Russia is not going to leave Donbas the very next day, and a peaceful settlement of the crisis may take decades, according to head of the Center for Ukrainian Research of the Institute of Europe under the Russian Academy of Sciences Viktor Mironenko.
”There cannot be such a solution to the political compromise that [Russian President Vladimir] Putin or Russia will say: `Yes, we`re leaving Donbas,` as they declined to acknowledge they were there. Unfortunately, the settlement of this conflict will take a long while. I see no military solution, but a diplomatic and political one may take, I`m afraid, decades, rather than months or years. Or it may last even longer,” Mironenko said.
The expert doubts that Ukraine will agree to local elections in Russia-occupied Donbas when the borders with Russia remain open, but it will be difficult to negotiate the approval of the deployment of an OSCE mission.
”A major function is to keep an eye on, monitor the border, [watch] the processes that are going on there. And if a decision is taken to hold the elections one way or the other, a very complicated problem will appear: how to prevent the supply of weapons across the border,” he said.

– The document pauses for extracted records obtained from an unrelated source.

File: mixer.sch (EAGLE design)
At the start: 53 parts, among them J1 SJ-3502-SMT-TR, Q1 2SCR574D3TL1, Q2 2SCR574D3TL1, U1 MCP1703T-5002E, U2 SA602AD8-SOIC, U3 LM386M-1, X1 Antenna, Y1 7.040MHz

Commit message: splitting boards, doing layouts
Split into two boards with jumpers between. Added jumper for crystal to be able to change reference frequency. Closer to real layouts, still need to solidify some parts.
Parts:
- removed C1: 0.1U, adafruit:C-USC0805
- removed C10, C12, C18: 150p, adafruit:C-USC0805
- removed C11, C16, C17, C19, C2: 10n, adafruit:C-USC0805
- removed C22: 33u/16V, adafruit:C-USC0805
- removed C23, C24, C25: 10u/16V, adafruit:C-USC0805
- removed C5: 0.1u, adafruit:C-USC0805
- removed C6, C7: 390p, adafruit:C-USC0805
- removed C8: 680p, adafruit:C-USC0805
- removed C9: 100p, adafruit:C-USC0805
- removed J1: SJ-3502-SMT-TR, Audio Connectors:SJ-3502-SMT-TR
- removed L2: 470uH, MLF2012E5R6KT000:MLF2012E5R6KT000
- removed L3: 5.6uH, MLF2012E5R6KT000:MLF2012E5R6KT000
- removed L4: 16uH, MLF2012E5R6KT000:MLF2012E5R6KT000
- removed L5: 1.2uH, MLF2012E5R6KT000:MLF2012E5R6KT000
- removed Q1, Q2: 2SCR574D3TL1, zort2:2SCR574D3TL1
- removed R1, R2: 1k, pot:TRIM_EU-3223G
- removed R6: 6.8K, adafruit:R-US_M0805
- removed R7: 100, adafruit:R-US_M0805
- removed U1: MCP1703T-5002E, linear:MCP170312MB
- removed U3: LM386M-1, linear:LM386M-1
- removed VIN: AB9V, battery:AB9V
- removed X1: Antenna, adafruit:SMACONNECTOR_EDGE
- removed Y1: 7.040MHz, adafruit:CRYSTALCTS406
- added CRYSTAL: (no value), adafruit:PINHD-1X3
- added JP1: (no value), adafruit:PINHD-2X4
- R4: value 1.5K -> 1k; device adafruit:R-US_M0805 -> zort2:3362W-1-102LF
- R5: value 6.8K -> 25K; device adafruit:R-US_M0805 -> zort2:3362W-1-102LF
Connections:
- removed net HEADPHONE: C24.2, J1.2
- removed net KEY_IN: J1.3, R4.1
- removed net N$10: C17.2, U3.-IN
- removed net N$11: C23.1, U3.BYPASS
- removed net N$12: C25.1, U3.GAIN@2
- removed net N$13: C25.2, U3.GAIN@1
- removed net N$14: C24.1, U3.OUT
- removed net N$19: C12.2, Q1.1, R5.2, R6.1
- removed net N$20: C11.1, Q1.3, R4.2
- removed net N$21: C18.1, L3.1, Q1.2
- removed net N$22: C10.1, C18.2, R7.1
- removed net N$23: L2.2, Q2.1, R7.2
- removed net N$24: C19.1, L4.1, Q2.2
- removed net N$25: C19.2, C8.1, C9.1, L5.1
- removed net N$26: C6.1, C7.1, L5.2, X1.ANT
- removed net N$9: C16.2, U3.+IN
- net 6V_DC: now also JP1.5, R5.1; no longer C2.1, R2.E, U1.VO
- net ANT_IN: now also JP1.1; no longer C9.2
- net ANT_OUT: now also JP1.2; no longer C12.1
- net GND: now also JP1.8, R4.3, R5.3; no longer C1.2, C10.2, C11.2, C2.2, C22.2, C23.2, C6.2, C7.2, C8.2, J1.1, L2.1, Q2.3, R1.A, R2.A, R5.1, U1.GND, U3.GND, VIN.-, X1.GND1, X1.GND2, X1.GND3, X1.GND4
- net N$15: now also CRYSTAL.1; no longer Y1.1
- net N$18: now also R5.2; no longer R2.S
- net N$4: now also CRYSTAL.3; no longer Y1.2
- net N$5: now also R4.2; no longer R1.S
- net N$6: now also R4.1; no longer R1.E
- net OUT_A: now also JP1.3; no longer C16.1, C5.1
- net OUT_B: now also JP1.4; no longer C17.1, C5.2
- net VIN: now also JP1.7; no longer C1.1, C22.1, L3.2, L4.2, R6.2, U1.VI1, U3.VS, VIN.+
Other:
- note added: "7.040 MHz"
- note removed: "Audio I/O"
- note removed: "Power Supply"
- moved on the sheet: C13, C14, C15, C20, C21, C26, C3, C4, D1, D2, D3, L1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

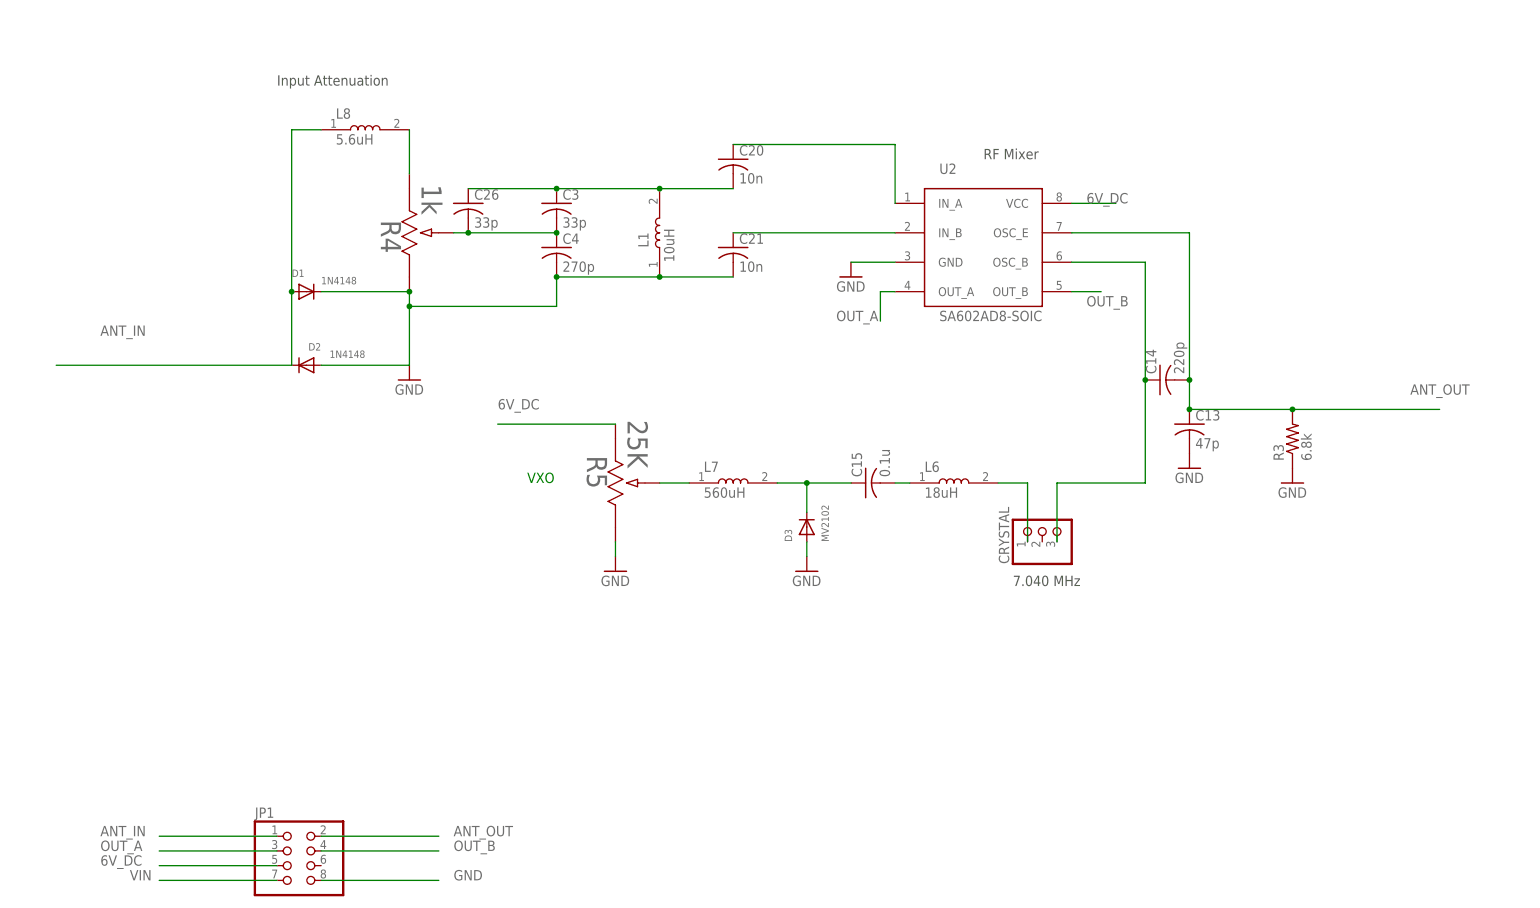
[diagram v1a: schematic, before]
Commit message: forgot to save mixer schematic
Forgot to save while adjusting the schematic layout to make it more readable
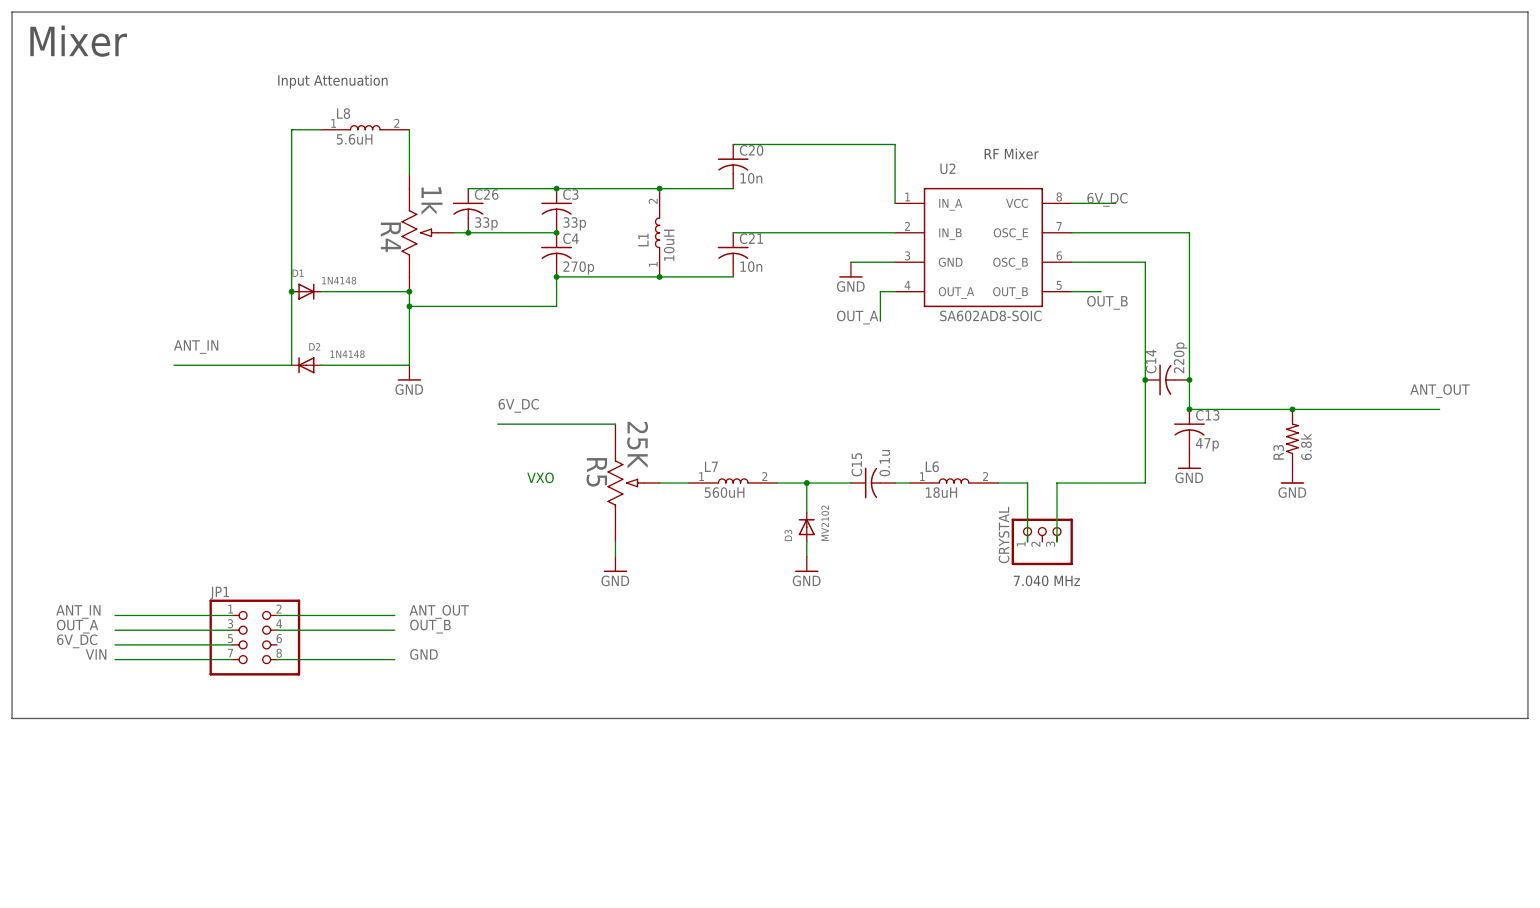
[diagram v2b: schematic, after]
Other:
- note added: "Mixer"
- moved on the sheet: JP1
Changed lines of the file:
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@@
 <text x="10.16" y="45.72" size="1.778" layer="91">VXO</text>
 <text x="93.98" y="27.94" size="1.778" layer="97">7.040 MHz</text>
+<wire x1="-78.74" y1="127" x2="-78.74" y2="5.08" width="0.1524" layer="97"/>
+<wire x1="-78.74" y1="5.08" x2="182.88" y2="5.08" width="0.1524" layer="97"/>
+<wire x1="182.88" y1="5.08" x2="182.88" y2="127" width="0.1524" layer="97"/>
+<wire x1="182.88" y1="127" x2="-78.74" y2="127" width="0.1524" layer="97"/>
+<text x="-76.2" y="119.38" size="5.08" layer="97">Mixer</text>
 </plain>
 <instances>
@@
 <attribute name="VALUE" x="55.88" y="27.94" size="1.778" layer="96"/>
 </instance>
-<instance part="JP1" gate="A" x="-30.48" y="-20.32" smashed="yes">
-<attribute name="NAME" x="-36.83" y="-12.065" size="1.778" layer="95"/>
-<attribute name="VALUE" x="-36.83" y="-27.94" size="1.778" layer="96"/>
+<instance part="JP1" gate="A" x="-38.1" y="17.78" smashed="yes">
+<attribute name="NAME" x="-44.45" y="26.035" size="1.778" layer="95"/>
+<attribute name="VALUE" x="-44.45" y="10.16" size="1.778" layer="96"/>
 </instance>
 <instance part="R4" gate="A" x="-10.16" y="99.06" smashed="yes" rot="R270">
@@
 <segment>
 <pinref part="JP1" gate="A" pin="8"/>
-<wire x1="-25.4" y1="-22.86" x2="-5.08" y2="-22.86" width="0.1524" layer="91"/>
-<label x="-2.54" y="-22.86" size="1.778" layer="95"/>
+<wire x1="-33.02" y1="15.24" x2="-12.7" y2="15.24" width="0.1524" layer="91"/>
+<label x="-10.16" y="15.24" size="1.778" layer="95"/>
 </segment>
 </net>
@@
 <segment>
 <pinref part="JP1" gate="A" pin="5"/>
-<wire x1="-33.02" y1="-20.32" x2="-53.34" y2="-20.32" width="0.1524" layer="91"/>
-<label x="-63.5" y="-20.32" size="1.778" layer="95"/>
+<wire x1="-40.64" y1="17.78" x2="-60.96" y2="17.78" width="0.1524" layer="91"/>
+<label x="-71.12" y="17.78" size="1.778" layer="95"/>
 </segment>
 </net>
@@
 <junction x="-30.48" y="78.74"/>
 <wire x1="-30.48" y1="78.74" x2="-30.48" y2="66.04" width="0.1524" layer="91"/>
-<wire x1="-30.48" y1="66.04" x2="-71.12" y2="66.04" width="0.1524" layer="91"/>
-<label x="-63.5" y="71.12" size="1.778" layer="95"/>
+<wire x1="-30.48" y1="66.04" x2="-50.8" y2="66.04" width="0.1524" layer="91"/>
+<label x="-50.8" y="68.58" size="1.778" layer="95"/>
 </segment>
 <segment>
 <pinref part="JP1" gate="A" pin="1"/>
-<wire x1="-33.02" y1="-15.24" x2="-53.34" y2="-15.24" width="0.1524" layer="91"/>
-<label x="-63.5" y="-15.24" size="1.778" layer="95"/>
+<wire x1="-40.64" y1="22.86" x2="-60.96" y2="22.86" width="0.1524" layer="91"/>
+<label x="-71.12" y="22.86" size="1.778" layer="95"/>
 </segment>
 </net>
@@
 <segment>
 <pinref part="JP1" gate="A" pin="3"/>
-<wire x1="-33.02" y1="-17.78" x2="-53.34" y2="-17.78" width="0.1524" layer="91"/>
-<label x="-63.5" y="-17.78" size="1.778" layer="95"/>
+<wire x1="-40.64" y1="20.32" x2="-60.96" y2="20.32" width="0.1524" layer="91"/>
+<label x="-71.12" y="20.32" size="1.778" layer="95"/>
 </segment>
 </net>
@@
 <segment>
 <pinref part="JP1" gate="A" pin="4"/>
-<wire x1="-25.4" y1="-17.78" x2="-5.08" y2="-17.78" width="0.1524" layer="91"/>
-<label x="-2.54" y="-17.78" size="1.778" layer="95"/>
+<wire x1="-33.02" y1="20.32" x2="-12.7" y2="20.32" width="0.1524" layer="91"/>
+<label x="-10.16" y="20.32" size="1.778" layer="95"/>
 </segment>
 </net>
@@
 <segment>
 <pinref part="JP1" gate="A" pin="2"/>
-<wire x1="-25.4" y1="-15.24" x2="-5.08" y2="-15.24" width="0.1524" layer="91"/>
-<label x="-2.54" y="-15.24" size="1.778" layer="95"/>
+<wire x1="-33.02" y1="22.86" x2="-12.7" y2="22.86" width="0.1524" layer="91"/>
+<label x="-10.16" y="22.86" size="1.778" layer="95"/>
 </segment>
 </net>
@@
 <segment>
 <pinref part="JP1" gate="A" pin="7"/>
-<wire x1="-33.02" y1="-22.86" x2="-53.34" y2="-22.86" width="0.1524" layer="91"/>
-<label x="-58.42" y="-22.86" size="1.778" layer="95"/>
-</segment>
-</net>
+<wire x1="-40.64" y1="15.24" x2="-60.96" y2="15.24" width="0.1524" layer="91"/>
+<label x="-66.04" y="15.24" size="1.778" layer="95"/>
+</segment>
+</net>

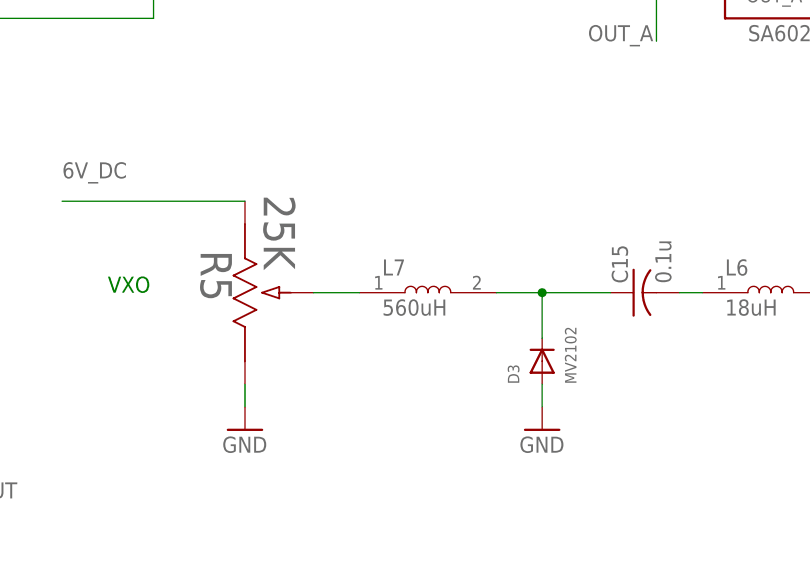
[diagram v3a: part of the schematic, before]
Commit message: Mixer board 1.1b
* fixed pad size for L7
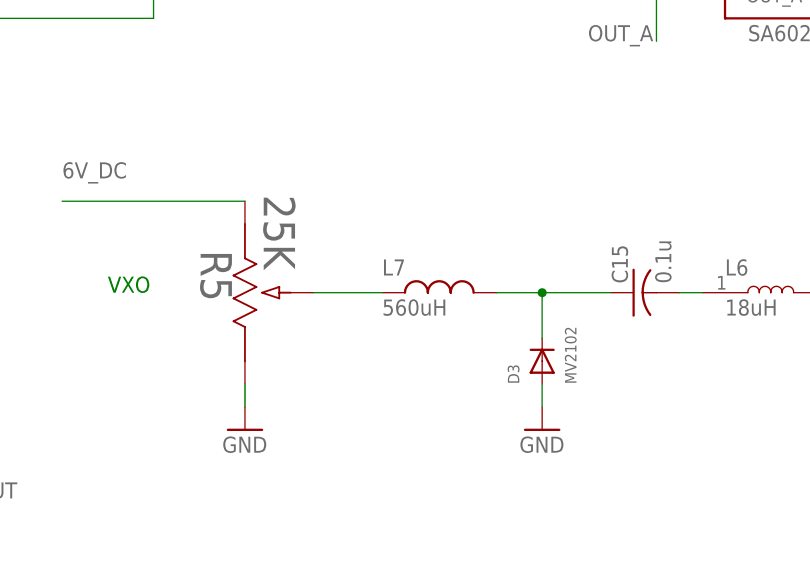
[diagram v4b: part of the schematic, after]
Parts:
- L7: device MLF2012E5R6KT000:MLF2012E5R6KT000 -> zort2:LMOLDED-1812(4532-METRIC)
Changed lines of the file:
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@@
 <part name="GND12" library="supply1" library_urn="urn:adsk.eagle:library:371" deviceset="GND" device=""/>
 <part name="L6" library="MLF2012E5R6KT000" deviceset="MLF2012E5R6KT000" device="" value="18uH"/>
-<part name="L7" library="MLF2012E5R6KT000" deviceset="MLF2012E5R6KT000" device="" value="560uH"/>
+<part name="L7" library="zort2" deviceset="L" device="" technology="MOLDED-1812(4532-METRIC)" value="560uH"/>
 <part name="GND13" library="supply1" library_urn="urn:adsk.eagle:library:371" deviceset="GND" device=""/>
 <part name="D3" library="adafruit" library_urn="urn:adsk.eagle:library:420" deviceset="DIODE" device="SOD-323F" package3d_urn="urn:adsk.eagle:package:6240873/1" value="MV2102"/>
@@
 <segment>
 <pinref part="L7" gate="G$1" pin="1"/>
-<wire x1="38.1" y1="45.72" x2="33.02" y2="45.72" width="0.1524" layer="91"/>
+<wire x1="40.64" y1="45.72" x2="33.02" y2="45.72" width="0.1524" layer="91"/>
 <pinref part="R5" gate="A" pin="2"/>
 </segment>
@@
 packages will not be understood (or retained) with this version.
 </note>
+<note version="8.4" severity="warning">
+Since Version 8.4, EAGLE supports properties for SPICE simulation.
+Probes in schematics and SPICE mapping objects found in parts and library devices
+will not be understood with this version. Update EAGLE to the latest version
+for full support of SPICE simulation.
+</note>
 </compatibility>

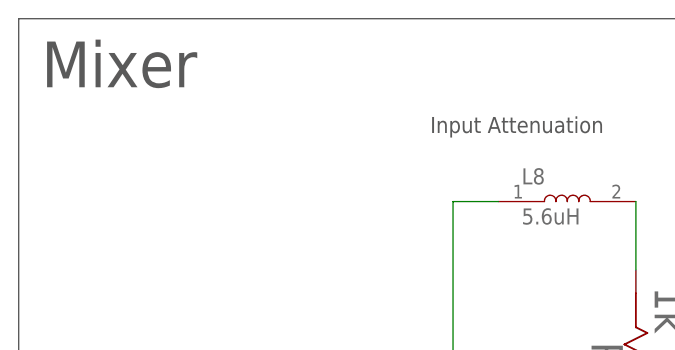
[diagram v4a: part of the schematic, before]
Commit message: Continuing on V1.1a of the I/O board
* re-placed Q1 on the layout
* updated images
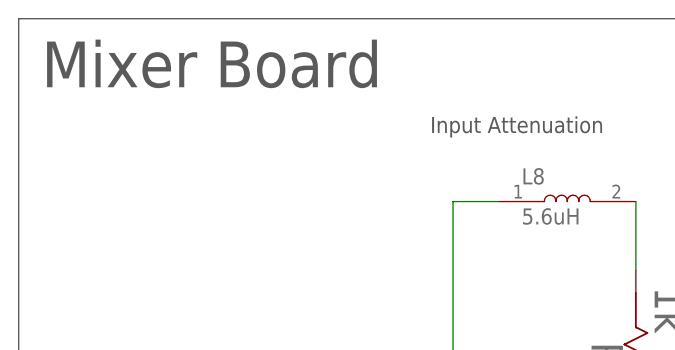
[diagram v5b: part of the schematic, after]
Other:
- note added: "Mixer Board"
- note removed: "Mixer"
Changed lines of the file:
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@@
 <?xml version="1.0" encoding="utf-8"?>
 <!DOCTYPE eagle SYSTEM "eagle.dtd">
-<eagle version="9.6.1">
+<eagle version="9.6.2">
 <drawing>
 <settings>
@@
 <wire x1="182.88" y1="5.08" x2="182.88" y2="127" width="0.1524" layer="97"/>
 <wire x1="182.88" y1="127" x2="-78.74" y2="127" width="0.1524" layer="97"/>
-<text x="-76.2" y="119.38" size="5.08" layer="97">Mixer</text>
+<text x="-76.2" y="119.38" size="5.08" layer="97">Mixer Board</text>
 </plain>
 <instances>

”This is a compromise option – when the border is controlled by the OSCE instead of Ukrainian border guards. While it sounds nice in general, there will be serious challenges when it comes to implementation,” he said.
Mironenko says he thinks that the Normandy Four leaders (Germany, France, Ukraine and Russia) have reached the maximum possible agreements at their recent meeting in Berlin, Germany.
”Vladimir Vladimirovich [Putin], when he came to the [Berlin] airport and was meeting with journalists there, was in very low spirits, in a bad mood. I understand him – he had to agree to certain, unpleasant proposals, which do not match his general picture,” he said.
Yet, there are no guarantees that the violence will end, although everybody is tired of this conflict and all who are involved have been suffering from it, he said.
As UNIAN reported earlier, Ukrainian President Petro Poroshenko, French President Francois Hollande, German Chancellor Angela Merkel and Russian President Vladimir Putin met in Berlin on October 19 where they agreed on German and French proposals as major guidelines for a road map to implement the Minsk peace agreements on Donbas.
Poroshenko announced that the Russian side had supported the need for the deployment of an armed police mission of the OSCE in Donbas.
The Normandy Four also agreed that their experts would prepare a concept for legislation on the local elections in eastern Ukraine.